Entries taken from a collection:
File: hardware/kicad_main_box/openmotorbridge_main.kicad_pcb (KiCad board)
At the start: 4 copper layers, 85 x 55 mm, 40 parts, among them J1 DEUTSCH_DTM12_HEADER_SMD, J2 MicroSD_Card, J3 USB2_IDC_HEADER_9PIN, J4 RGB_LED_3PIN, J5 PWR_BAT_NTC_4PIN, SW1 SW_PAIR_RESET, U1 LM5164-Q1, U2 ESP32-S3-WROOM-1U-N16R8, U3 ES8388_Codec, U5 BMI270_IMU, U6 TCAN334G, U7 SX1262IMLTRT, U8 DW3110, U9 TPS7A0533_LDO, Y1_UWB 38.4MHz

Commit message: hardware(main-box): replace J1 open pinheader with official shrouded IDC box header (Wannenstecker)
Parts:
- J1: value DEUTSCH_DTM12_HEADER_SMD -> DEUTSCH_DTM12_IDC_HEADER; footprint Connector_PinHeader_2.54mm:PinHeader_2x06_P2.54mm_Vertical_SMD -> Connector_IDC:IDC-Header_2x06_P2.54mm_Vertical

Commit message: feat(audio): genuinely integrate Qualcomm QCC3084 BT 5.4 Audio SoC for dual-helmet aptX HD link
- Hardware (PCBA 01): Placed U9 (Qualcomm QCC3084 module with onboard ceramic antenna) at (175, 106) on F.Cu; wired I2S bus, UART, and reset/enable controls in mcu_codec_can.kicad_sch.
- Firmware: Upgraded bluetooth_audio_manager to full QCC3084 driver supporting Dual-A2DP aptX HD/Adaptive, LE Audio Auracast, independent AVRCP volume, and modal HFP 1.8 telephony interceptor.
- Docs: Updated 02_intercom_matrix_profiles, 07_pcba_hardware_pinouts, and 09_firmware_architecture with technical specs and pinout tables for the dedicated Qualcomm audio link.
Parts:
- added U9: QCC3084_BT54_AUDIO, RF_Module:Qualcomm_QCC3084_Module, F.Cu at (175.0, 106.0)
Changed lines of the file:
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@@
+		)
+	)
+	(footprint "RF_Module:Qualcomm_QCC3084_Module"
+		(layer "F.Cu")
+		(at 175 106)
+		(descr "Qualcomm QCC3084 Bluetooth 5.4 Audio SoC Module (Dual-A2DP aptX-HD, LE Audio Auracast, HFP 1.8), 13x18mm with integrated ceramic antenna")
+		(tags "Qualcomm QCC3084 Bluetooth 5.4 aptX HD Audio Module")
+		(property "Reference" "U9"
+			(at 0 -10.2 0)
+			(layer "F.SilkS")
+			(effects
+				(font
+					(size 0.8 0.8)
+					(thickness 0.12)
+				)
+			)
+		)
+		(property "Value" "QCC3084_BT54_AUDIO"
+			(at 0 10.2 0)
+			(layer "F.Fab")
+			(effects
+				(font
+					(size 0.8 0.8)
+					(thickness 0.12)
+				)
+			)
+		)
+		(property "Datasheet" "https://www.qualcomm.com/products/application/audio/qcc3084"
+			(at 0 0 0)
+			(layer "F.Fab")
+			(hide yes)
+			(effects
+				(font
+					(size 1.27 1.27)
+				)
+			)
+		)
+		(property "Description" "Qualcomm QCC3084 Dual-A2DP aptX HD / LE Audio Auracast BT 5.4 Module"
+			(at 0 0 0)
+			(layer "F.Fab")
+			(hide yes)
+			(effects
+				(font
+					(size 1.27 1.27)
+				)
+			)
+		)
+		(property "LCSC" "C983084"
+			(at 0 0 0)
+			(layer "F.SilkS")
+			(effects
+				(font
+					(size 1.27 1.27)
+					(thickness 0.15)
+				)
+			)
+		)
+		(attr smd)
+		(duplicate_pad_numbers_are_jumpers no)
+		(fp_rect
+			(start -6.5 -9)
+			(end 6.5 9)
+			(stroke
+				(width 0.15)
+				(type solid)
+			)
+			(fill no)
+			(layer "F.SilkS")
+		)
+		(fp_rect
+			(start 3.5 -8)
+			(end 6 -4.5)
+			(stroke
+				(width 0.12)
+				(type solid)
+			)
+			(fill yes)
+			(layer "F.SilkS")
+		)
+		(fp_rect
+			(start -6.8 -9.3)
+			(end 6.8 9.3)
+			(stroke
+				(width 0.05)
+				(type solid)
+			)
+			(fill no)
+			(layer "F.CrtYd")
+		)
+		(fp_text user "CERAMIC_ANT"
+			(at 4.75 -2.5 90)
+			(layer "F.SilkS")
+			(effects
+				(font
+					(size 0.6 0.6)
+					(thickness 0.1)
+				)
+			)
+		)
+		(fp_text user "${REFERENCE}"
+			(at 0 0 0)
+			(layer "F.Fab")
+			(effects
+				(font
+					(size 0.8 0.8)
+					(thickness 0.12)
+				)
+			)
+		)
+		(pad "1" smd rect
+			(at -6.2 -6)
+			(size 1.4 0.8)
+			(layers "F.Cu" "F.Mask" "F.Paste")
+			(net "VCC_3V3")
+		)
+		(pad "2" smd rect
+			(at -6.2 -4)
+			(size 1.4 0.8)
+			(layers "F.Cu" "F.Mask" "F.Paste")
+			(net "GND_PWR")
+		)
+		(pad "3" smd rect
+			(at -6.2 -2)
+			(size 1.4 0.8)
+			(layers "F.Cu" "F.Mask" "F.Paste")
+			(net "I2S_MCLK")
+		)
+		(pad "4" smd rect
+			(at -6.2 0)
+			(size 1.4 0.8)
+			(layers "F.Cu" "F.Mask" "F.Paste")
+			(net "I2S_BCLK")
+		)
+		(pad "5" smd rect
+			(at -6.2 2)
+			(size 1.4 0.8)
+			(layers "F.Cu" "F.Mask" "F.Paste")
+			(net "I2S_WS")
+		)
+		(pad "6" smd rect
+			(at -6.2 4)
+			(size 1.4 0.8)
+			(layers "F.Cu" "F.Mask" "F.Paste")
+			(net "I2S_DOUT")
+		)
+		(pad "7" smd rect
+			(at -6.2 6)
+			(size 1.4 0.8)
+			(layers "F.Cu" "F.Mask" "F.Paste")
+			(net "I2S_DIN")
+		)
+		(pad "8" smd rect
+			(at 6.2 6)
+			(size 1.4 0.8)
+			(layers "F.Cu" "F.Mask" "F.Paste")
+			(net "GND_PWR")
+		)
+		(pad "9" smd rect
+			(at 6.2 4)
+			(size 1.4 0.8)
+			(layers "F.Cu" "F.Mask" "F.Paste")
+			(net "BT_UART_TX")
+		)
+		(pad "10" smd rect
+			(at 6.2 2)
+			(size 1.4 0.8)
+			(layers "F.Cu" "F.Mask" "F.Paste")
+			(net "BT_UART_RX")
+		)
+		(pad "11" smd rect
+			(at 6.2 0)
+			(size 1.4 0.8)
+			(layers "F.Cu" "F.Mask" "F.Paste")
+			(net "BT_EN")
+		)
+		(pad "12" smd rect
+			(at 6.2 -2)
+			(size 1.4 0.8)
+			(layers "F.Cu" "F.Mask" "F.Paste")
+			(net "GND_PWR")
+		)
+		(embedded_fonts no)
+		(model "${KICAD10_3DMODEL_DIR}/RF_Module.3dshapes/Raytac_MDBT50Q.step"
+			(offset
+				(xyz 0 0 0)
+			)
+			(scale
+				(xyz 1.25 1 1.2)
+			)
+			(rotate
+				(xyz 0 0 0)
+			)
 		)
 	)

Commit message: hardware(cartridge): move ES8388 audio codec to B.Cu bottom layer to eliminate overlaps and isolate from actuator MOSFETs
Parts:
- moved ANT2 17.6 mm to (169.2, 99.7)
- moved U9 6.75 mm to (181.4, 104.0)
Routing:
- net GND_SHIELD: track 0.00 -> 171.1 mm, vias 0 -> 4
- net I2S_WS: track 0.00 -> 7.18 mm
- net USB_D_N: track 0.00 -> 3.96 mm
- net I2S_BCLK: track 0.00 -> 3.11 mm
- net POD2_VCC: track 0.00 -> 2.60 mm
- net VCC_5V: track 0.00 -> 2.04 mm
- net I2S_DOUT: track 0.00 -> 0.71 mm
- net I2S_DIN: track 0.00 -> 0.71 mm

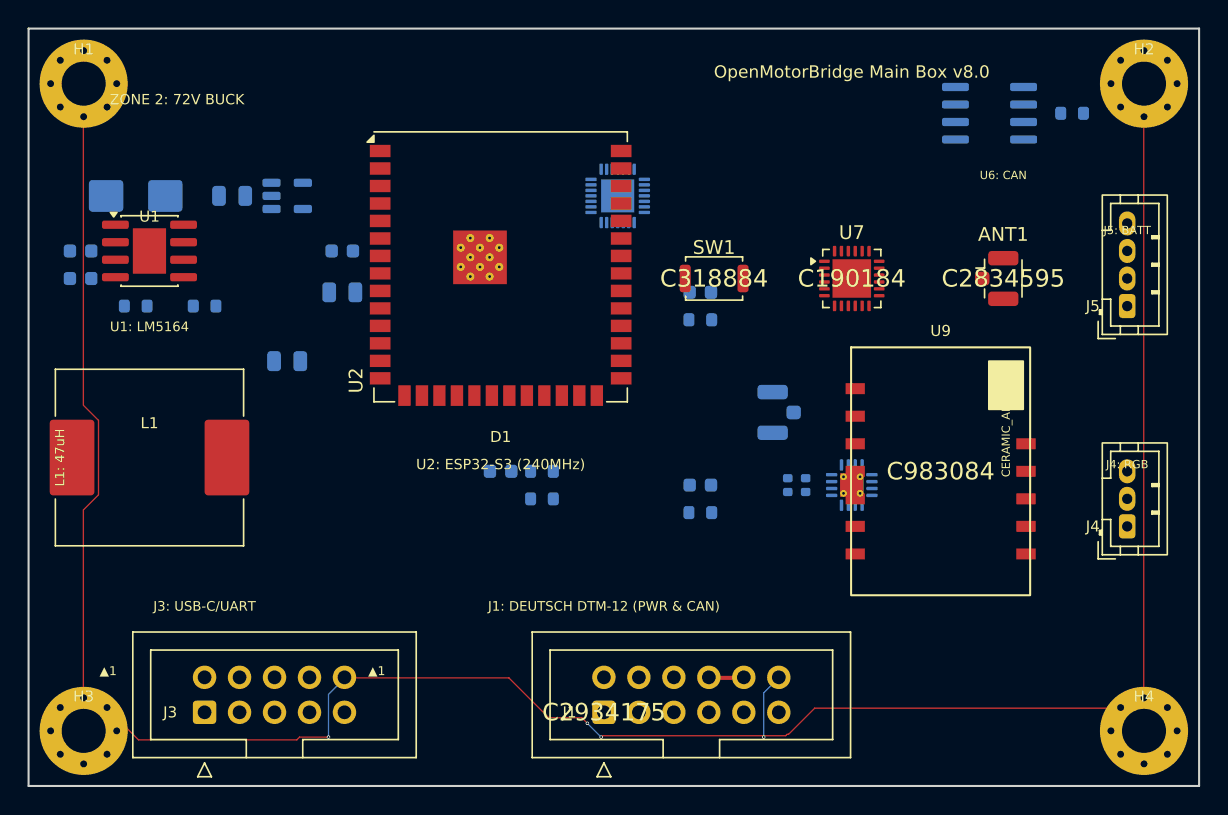
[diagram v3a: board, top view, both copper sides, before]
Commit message: fix(main_box): clean up schematics, connect LoRa/UWB/IMU/SD/LED nets, verify J2 MicroSD placement
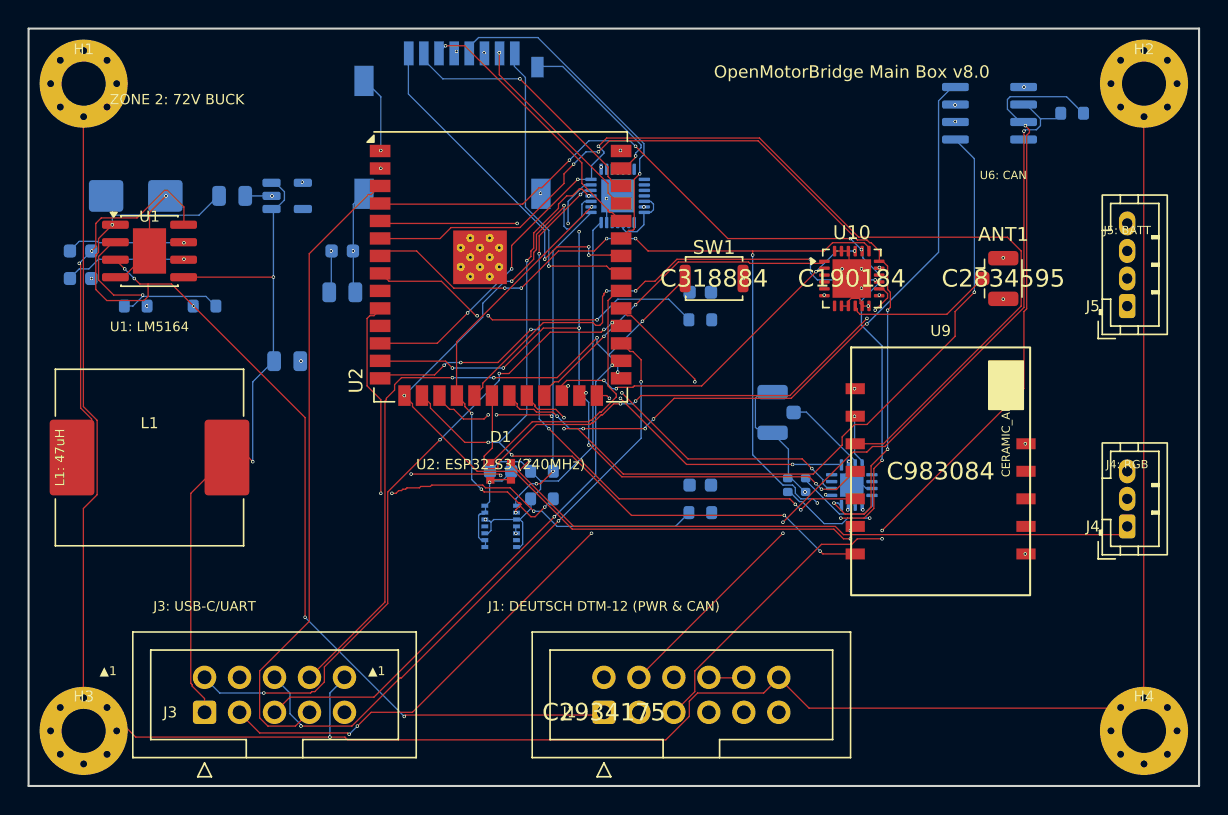
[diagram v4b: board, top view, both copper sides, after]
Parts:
- J2: footprint Connector_Card:microSD_HC_Molex_47571-0001 -> Connector_Card:microSD_HC_Hirose_DM3D-SF
- moved J2 22.5 mm to (146.0, 79.0), turned to 180 degrees
- renumbered U7 to U10, U9 to U11
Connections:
- ANT1 pad 1: (no net) -> LORA_RF_868
- ANT1 pad 2: (no net) -> GND_PWR
- ANT2 pad 1: (no net) -> UWB_RF_CH5
- ANT2 pad 2: (no net) -> GND_PWR
- SW1 pad 1: (no net) -> ESP_BOOT
- SW1 pad 2: (no net) -> GND_PWR
- U10 pad : (no net) -> GND_PWR
- U10 pad 1: (no net) -> LORA_RST
- U10 pad 10: (no net) -> LORA_RF_868
- U10 pad 11: (no net) -> GND_PWR
- U10 pad 12: (no net) -> GND_PWR
- U10 pad 13: (no net) -> VCC_3V3
- U10 pad 14: (no net) -> LORA_BUSY
- U10 pad 15: (no net) -> LORA_DIO1
- U10 pad 16: (no net) -> LORA_DIO2
- U10 pad 17: (no net) -> VCC_3V3
- U10 pad 18: (no net) -> SPI_MISO
- U10 pad 19: (no net) -> SPI_MOSI
- U10 pad 2: (no net) -> LORA_XTA
- U10 pad 20: (no net) -> SPI_SCK
- U10 pad 21: (no net) -> LORA_NSS
- U10 pad 22: (no net) -> GND_PWR
- U10 pad 23: (no net) -> GND_PWR
- U10 pad 24: (no net) -> GND_PWR
- U10 pad 25: (no net) -> GND_PWR
- U10 pad 3: (no net) -> LORA_XTB
- U10 pad 4: (no net) -> LORA_VR_DCDC
- U10 pad 5: (no net) -> LORA_DCC_SW
- U10 pad 6: (no net) -> VCC_3V3
- U10 pad 7: (no net) -> LORA_VR_PA
- U10 pad 8: (no net) -> GND_PWR
- U10 pad 9: (no net) -> GND_PWR
- U2 pad 19: POD3_UART_RX -> LORA_DIO1
- U2 pad 20: POD3_UART_TX -> LORA_BUSY
- U2 pad 23: POD3_GNSS_PPS -> LORA_RST
- U2 pad 24: ONEWIRE_ID -> LORA_NSS
- U2 pad 25: RESERVE_GPIO_A -> UWB_CS
- U2 pad 26: RESERVE_GPIO_B -> UWB_IRQ
- U2 pad 27: STATUS_LED_MCU -> ESP_BOOT
- U2 pad 32: (no net) -> RGB_LED_DATA
- U2 pad 33: (no net) -> SD_DAT1
- U2 pad 34: (no net) -> SD_DAT2
- U2 pad 35: (no net) -> SD_CLK
- U2 pad 36: (no net) -> SD_CMD
- U2 pad 37: (no net) -> SD_DAT0
- U2 pad 38: (no net) -> SD_DAT3
- U2 pad 39: (no net) -> SD_CD
- U2 pad 4: ADC_BAT -> SPI_SCK
- U2 pad 6: ADC_LINE_LVL -> SPI_MISO
- U2 pad 7: ADC_VIGN -> SPI_MOSI
- U8 pad : (no net) -> GND_PWR
- U8 pad 1: (no net) -> VCC_1V8
- U8 pad 10: (no net) -> UWB_CS
- U8 pad 11: (no net) -> UWB_WAKE
- U8 pad 12: (no net) -> UWB_RST
- U8 pad 13: (no net) -> UWB_IRQ
- U8 pad 14: (no net) -> VCC_3V3
- U8 pad 15: (no net) -> UWB_RF_CH5
- U8 pad 16: (no net) -> GND_PWR
- U8 pad 17: (no net) -> GND_PWR
- U8 pad 2: (no net) -> VCC_1V2
- U8 pad 3: (no net) -> GND_PWR
- U8 pad 4: (no net) -> UWB_XTAL1
- U8 pad 5: (no net) -> UWB_XTAL2
- U8 pad 6: (no net) -> GND_PWR
- U8 pad 7: (no net) -> SPI_SCK
- U8 pad 8: (no net) -> SPI_MISO
- U8 pad 9: (no net) -> SPI_MOSI
- Y1_UWB pad 1: (no net) -> UWB_XTAL1
- Y1_UWB pad 3: (no net) -> UWB_XTAL2
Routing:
- net VCC_5V: track 2.04 -> 120.0 mm, vias 0 -> 5
- net GND_PWR: track 0.00 -> 88.8 mm, vias 0 -> 26
- net I2S_MCLK: track 0.00 -> 83.9 mm, vias 0 -> 4
- net KL30_IN: track 0.00 -> 81.5 mm, vias 0 -> 6
- net I2S_DIN: track 0.71 -> 69.2 mm, vias 0 -> 6
- net I2S_DOUT: track 0.71 -> 69.1 mm, vias 0 -> 5
- net SPI_MISO: track 0.00 -> 67.1 mm, vias 0 -> 5
- net SPI_SCK: track 0.00 -> 65.1 mm, vias 0 -> 7
- net CAN_L: track 0.00 -> 64.5 mm, vias 0 -> 3
- net CAN_TX: track 0.00 -> 63.6 mm, vias 0 -> 5
- net SPI_MOSI: track 0.00 -> 61.9 mm, vias 0 -> 7
- net I2S_BCLK: track 3.11 -> 63.3 mm, vias 0 -> 8
- net CAN_H: track 0.00 -> 57.1 mm, vias 0 -> 3
- net USB_D_P: track 0.00 -> 55.0 mm, vias 0 -> 4
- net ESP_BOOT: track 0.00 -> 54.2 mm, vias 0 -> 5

## The problem
Reproduce, with both ends included, the lines from the one holding "- net SPI_MOSI: track" to the end of the records above.

## Task result
- net SPI_MOSI: track 0.00 -> 61.9 mm, vias 0 -> 7
- net I2S_BCLK: track 3.11 -> 63.3 mm, vias 0 -> 8
- net CAN_H: track 0.00 -> 57.1 mm, vias 0 -> 3
- net USB_D_P: track 0.00 -> 55.0 mm, vias 0 -> 4
- net ESP_BOOT: track 0.00 -> 54.2 mm, vias 0 -> 5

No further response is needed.